Si può guarire da questa sindrome? Un bambino con ADHD diventerà un ‘ragazzo difficile’?
“Si può guarire, ma per ottenere risultati significativi è necessario intervenire il prima possibile. Un bambino con una diagnosi di ADHD può diventare un ragazzo difficile se non si fa niente per trattare il problema attraverso un approccio terapeutico individuale o familiare. Infatti, l’impulsività, il prediligere le sfide e le situazioni pericolose da parte di questi bambini potranno portarli ad avere diversi problemi in adolescenza: dipendenza da sostanze e da alcool, oppure, la devianza verso l’illegalità e la delinquenza”.
Molti psicoterapeuti e pedagogisti mettono in relazione l’aumento di queste diagnosi con una mancanza di autorevolezza da parte delle famiglie. Lei che cosa ne pensa?
“Sicuramente si sta assistendo ad un cambiamento significativo nella struttura della famiglia in questi ultimi anni. Le separazioni più frequenti, il conflitto e il disaccordo tra i genitori, l’adozione di uno stile educativo più lassista, hanno portato all’aumento di problemi di questo genere. Spesso i genitori non riescono a trovare una stessa linea educativa nei confronti dei figli e ciò che viene trasmesso al bambino è il messaggio che può fare tutto e il contrario di tutto. L’incoerenza che spesso caratterizza gli interventi educativi porta il bambino a confondersi continuamente, a non sapere più come dovrà comportarsi e distinguere ciò che è giusto da ciò che non lo è. A volte capita che l’operato degli insegnanti venga squalificato dai genitori in presenza dei figli. Questo non fa che legittimare un loro atteggiamento sfidante e poco rispettoso nei confronti dell’autorità scolastica.

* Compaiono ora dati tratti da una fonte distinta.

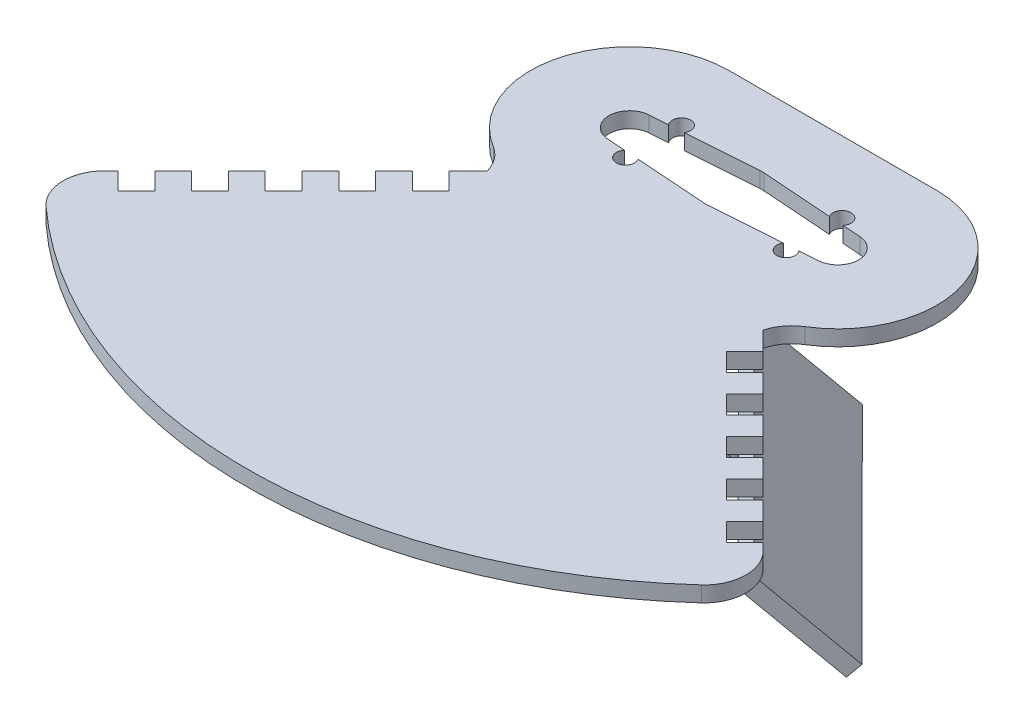
SolidWorks part; units mm, degrees
ref_plane "前视基准面" through (0, 0, 0) normal (0, 0, 1) x (1, 0, 0)
ref_plane "上视基准面" through (0, 0, 0) normal (0, 1, 0) x (1, 0, 0)
ref_plane "右视基准面" through (0, 0, 0) normal (1, 0, 0) x (0, 0, -1)
sketch "草图1" plane through (0, 0, 0) normal (0, 1, 0) x (1, 0, 0)
  line L1 (-90, 61.7378) -> (90, 61.7378)
  line L2 (-90, 61.7378) -> (-90, -61.7378)
  line L3 (-90, -61.7378) -> (90, -61.7378)
  line L4 (90, 61.7378) -> (90, -61.7378)
  line L5 (-90, 61.7378) -> (90, -61.7378) construction
  line L6 (-90, -61.7378) -> (90, 61.7378) construction
  point P0 (0, 0)
  dimension "D1" = 180
extrude "凸台-拉伸1" add sketch "草图1" along normal blind 3
sketch "草图2" plane through (0, 3, 0) normal (0, 1, 0) x (1, 0, 0)
  line L4 (63.3932, -4.572) -> (17.6608, 41.1604)
  line L5 (-17.3899, 41.1604) -> (-63.1223, -4.572)
  arc A12 (17.6608, 41.1604) -> (8.5192, 41.8167) centre (12.711, 36.2107) ccw
  arc A13 (-8.2483, 41.8167) -> (8.5192, 41.8167) centre (0.1354, 53.0289) ccw
  arc A14 (-8.2483, 41.8167) -> (-17.3899, 41.1604) centre (-12.4402, 36.2107) ccw
  arc A15 (-63.1223, -4.572) -> (-62.8516, -16.144) centre (-57.4654, -10.2288) ccw
  arc A16 (-62.8516, -16.144) -> (63.1225, -16.144) centre (0.1354, 53.0289) ccw
  arc A17 (63.1225, -16.144) -> (63.3932, -4.572) centre (57.7363, -10.2288) ccw
extrude "切除-拉伸1" cut sketch "草图2" against normal blind 10 flip side to cut
ref_plane "基准面1" through (22.3395, 0, -22.3395) normal (0.7071, 0, -0.7071) x (-0.7071, 0, -0.7071)
ref_plane "基准面2" through (11.1698, 15.7964, -11.1698) normal (-0.5, -0.7071, 0.5) x (-0.866, 0.4082, -0.2887)
sketch "草图4" plane through (11.1698, 15.7964, -11.1698) normal (-0.5, -0.7071, 0.5) x (-0.866, 0.4082, -0.2887)
  line L0 (-42.8876, 35.135) -> (-23.8864, 8.3576)
  line L1 (-42.8876, 35.135) -> (-44.5889, 33.9277)
  line L2 (-23.8864, 8.3576) -> (-25.5877, 7.1504)
  line L3 (-44.5889, 33.9277) -> (-25.5877, 7.1504)
  line L4 (-42.8876, 35.135) -> (-25.5877, 7.1504) construction
  line L5 (-23.8864, 8.3576) -> (-44.5889, 33.9277) construction
  point P1 (-34.2376, 21.1427)
extrude "凸台-拉伸3" add sketch "草图4" along normal mid plane 3
sketch "草图5" plane through (11.9198, 16.8571, -11.9198) normal (0.5, 0.7071, -0.5) x (0.866, -0.4082, 0.2887)
  line L0 (5.3055, 33.2627) -> (23.4408, 58.8557)
  line L2 (23.4408, 58.8557) -> (73.424, 23.4375)
  line L3 (55.2887, -2.1556) -> (73.424, 23.4375)
  line L4 (30.2971, 15.5535) -> (73.424, 23.4375) construction
  line L5 (23.4408, 58.8557) -> (30.2971, 15.5535) construction
  line L6 (55.2887, -2.1556) -> (5.3055, 33.2627)
  point P1 (30.2971, 15.5535)
extrude "凸台-拉伸4" add sketch "草图5" along normal blind 3
sketch "草图6" plane through (13.4198, 18.9784, -13.4198) normal (0.5, 0.7071, -0.5) x (0.866, -0.4082, 0.2887)
  line L0 (17.3329, 50.236) -> (67.3161, 14.8178)
  line L4 (5.3055, 33.2627) -> (55.2887, -2.1556)
  line L5 (55.2887, -2.1556) -> (73.424, 23.4375)
  line L6 (73.424, 23.4375) -> (23.4408, 58.8557)
  line L7 (23.4408, 58.8557) -> (5.3055, 33.2627)
  line L9 (67.3161, 14.8178) -> (73.424, 23.4375)
  line L10 (73.424, 23.4375) -> (23.4408, 58.8557)
  line L11 (23.4408, 58.8557) -> (17.3329, 50.236)
  dimension "D1" = 0
extrude "切除-拉伸2" cut sketch "草图6" against normal blind 13
mirror "镜向2" about plane through (0, 0, 0) normal (1, 0, 0) of "切除-拉伸2", "凸台-拉伸4", "凸台-拉伸3"
sketch "草图7" plane through (0, 3, 0) normal (0, 1, 0) x (1, 0, 0)
  line L4 (-19.8646, 53.0289) -> (20.1354, 53.0289) construction
  line L5 (-19.8646, 72.0893) -> (20.1354, 72.0893)
  line L7 (28.6492, 24.5152) -> (-28.3783, 24.5152)
  line L8 (20.4154, 57.0191) -> (16.8753, 57.2675)
  line L9 (-0.2426, 58.4157) -> (-13.8157, 57.4632)
  line L10 (-20.1446, 49.0387) -> (-16.6045, 48.7903)
  line L11 (0.5134, 47.6422) -> (14.0865, 48.5946)
  line L12 (0.1354, 60.5534) -> (0.1354, 53.7988) construction
  line L13 (0.1354, 53.0289) -> (-6.309, 53.0289) construction
  line L14 (-16.6045, 57.2675) -> (-20.1446, 57.0191)
  line L15 (-13.8157, 48.5946) -> (-0.2426, 47.6422)
  line L16 (60.5647, -7.4004) -> (14.8324, 38.332) construction
  line L17 (16.8753, 48.7903) -> (20.4154, 49.0387)
  line L19 (14.0865, 57.4632) -> (0.5134, 58.4157)
  arc A1 (-13.8157, 57.4632) -> (-16.6045, 57.2675) centre (-15.2838, 58.4157) ccw
  arc A2 (14.0865, 57.4632) -> (16.8753, 57.2675) centre (15.5546, 58.4157) cw
  arc A3 (14.0865, 48.5946) -> (16.8753, 48.7903) centre (15.5546, 47.6422) ccw
  arc A4 (-13.8157, 48.5946) -> (-16.6045, 48.7903) centre (-15.2838, 47.6422) cw
  arc A5 (-19.8646, 72.0893) -> (-29.8282, 36.7801) centre (-19.8646, 53.0289) ccw
  arc A6 (30.099, 36.7801) -> (20.1354, 72.0893) centre (20.1354, 53.0289) ccw
  arc A7 (-28.3783, 24.5152) -> (-29.8282, 36.7801) centre (-33.9391, 30.076) ccw
  arc A8 (0.5134, 58.4157) -> (-0.2426, 58.4157) centre (0.1354, 53.0289) ccw
  arc A9 (-20.1446, 57.0191) -> (-20.1446, 49.0387) centre (-19.8646, 53.0289) ccw
  arc A10 (-0.2426, 47.6422) -> (0.5134, 47.6422) centre (0.1354, 53.0289) ccw
  arc A11 (20.4154, 49.0387) -> (20.4154, 57.0191) centre (20.1354, 53.0289) ccw
  arc A16 (28.6492, 24.5152) -> (30.099, 36.7801) centre (34.21, 30.076) cw
  point P6 (0.1354, 53.0289)
  dimension "D1" = 3.5
extrude "凸台-拉伸5" add sketch "草图7" against normal up to surface (3 mm away) up to face at (-33.4579, 0, -11.2211)
sketch "草图8" plane through (0, 3, 0) normal (0, 1, 0) x (1, 0, 0)
  line L0 (54.9187, -3.1685) -> (58.4542, -6.7041)
  line L1 (58.4542, -6.7041) -> (61.9897, -3.1685)
  line L2 (63.3932, -4.572) -> (26.6344, 32.1868) construction
  line L3 (0, 30.9737) -> (0, -30.2452) construction
  line L4 (61.9897, -3.1685) -> (58.4542, 0.367)
  line L5 (58.4542, 0.367) -> (54.9187, -3.1685)
  line L6 (51.3831, 7.4381) -> (47.8476, 3.9025)
  line L7 (47.8476, 3.9025) -> (51.3831, 0.367)
  line L8 (51.3831, 0.367) -> (54.9187, 3.9025)
  line L9 (54.9187, 3.9025) -> (51.3831, 7.4381)
  line L10 (44.312, 14.5091) -> (40.7765, 10.9736)
  line L11 (40.7765, 10.9736) -> (44.312, 7.4381)
  line L12 (44.312, 7.4381) -> (47.8476, 10.9736)
  line L13 (47.8476, 10.9736) -> (44.312, 14.5091)
  line L14 (37.241, 21.5802) -> (33.7054, 18.0447)
  line L15 (33.7054, 18.0447) -> (37.241, 14.5091)
  line L16 (37.241, 14.5091) -> (40.7765, 18.0447)
  line L17 (40.7765, 18.0447) -> (37.241, 21.5802)
  line L18 (30.1699, 28.6513) -> (26.6344, 25.1157)
  line L19 (26.6344, 25.1157) -> (30.1699, 21.5802)
  line L20 (30.1699, 21.5802) -> (33.7054, 25.1157)
  line L21 (33.7054, 25.1157) -> (30.1699, 28.6513)
  line L22 (58.4542, 0.367) -> (51.3831, 7.4381) construction
  line L23 (-58.4542, 0.367) -> (-51.3831, 7.4381) construction
  line L24 (-33.7054, 25.1157) -> (-30.1699, 28.6513)
  line L25 (-30.1699, 21.5802) -> (-33.7054, 25.1157)
  line L26 (-26.6344, 25.1157) -> (-30.1699, 21.5802)
  line L27 (-30.1699, 28.6513) -> (-26.6344, 25.1157)
  line L28 (-40.7765, 18.0447) -> (-37.241, 21.5802)
  line L29 (-37.241, 14.5091) -> (-40.7765, 18.0447)
  line L30 (-33.7054, 18.0447) -> (-37.241, 14.5091)
  line L31 (-37.241, 21.5802) -> (-33.7054, 18.0447)
  line L32 (-47.8476, 10.9736) -> (-44.312, 14.5091)
  line L33 (-44.312, 7.4381) -> (-47.8476, 10.9736)
  line L34 (-40.7765, 10.9736) -> (-44.312, 7.4381)
  line L35 (-44.312, 14.5091) -> (-40.7765, 10.9736)
  line L36 (-54.9187, 3.9025) -> (-51.3831, 7.4381)
  line L37 (-51.3831, 0.367) -> (-54.9187, 3.9025)
  line L38 (-47.8476, 3.9025) -> (-51.3831, 0.367)
  line L39 (-51.3831, 7.4381) -> (-47.8476, 3.9025)
  line L40 (-58.4542, 0.367) -> (-54.9187, -3.1685)
  line L41 (-61.9897, -3.1685) -> (-58.4542, 0.367)
  line L42 (-58.4542, -6.7041) -> (-61.9897, -3.1685)
  line L43 (-54.9187, -3.1685) -> (-58.4542, -6.7041)
  dimension "D3" = 5
  dimension "D5" = 10
  dimension "D4" = 5
extrude "切除-拉伸4" cut sketch "草图8" against normal blind 5

Gli stili educativi differenti tra i genitori e tra famiglia e scuola alimenta la disorganizzazione e il caos mentale nel bambino, dandogli l’idea di poter fare tutto ciò che vuole, tanto tutto è lecito, non permettendogli di interiorizzare delle regole e di darsi dei limiti”.
Le cause del disturbo da iperattività sono solo psicologiche oppure c’è anche una base fisiologica? E’ vero che all’estero, per esempio negli Stati Uniti, vengono prescritti farmaci fin dalla tenera età?
“Non sono ancora state individuate le cause di questo disturbo. Alcuni studi mettono in evidenza la base genetica del problema, altri il fatto di aver subito traumi, violenze o maltrattamenti nei primissimi anni di vita. Anche lo stress materno viene correlato all’insorgere del disturbo. È vero che vengono prescritti farmaci, degli psicostimolanti, che riducono l’iperattività e migliorano i livelli di attenzione. Ovviamente il farmaco non è sufficiente, ma occorre affiancarlo ad un intervento di tipo psicoeducativo: terapia comportamentale per il bambino, Parent Training per i genitori, training con gli insegnanti con interventi integrati tra il contesto familiare e scolastico”.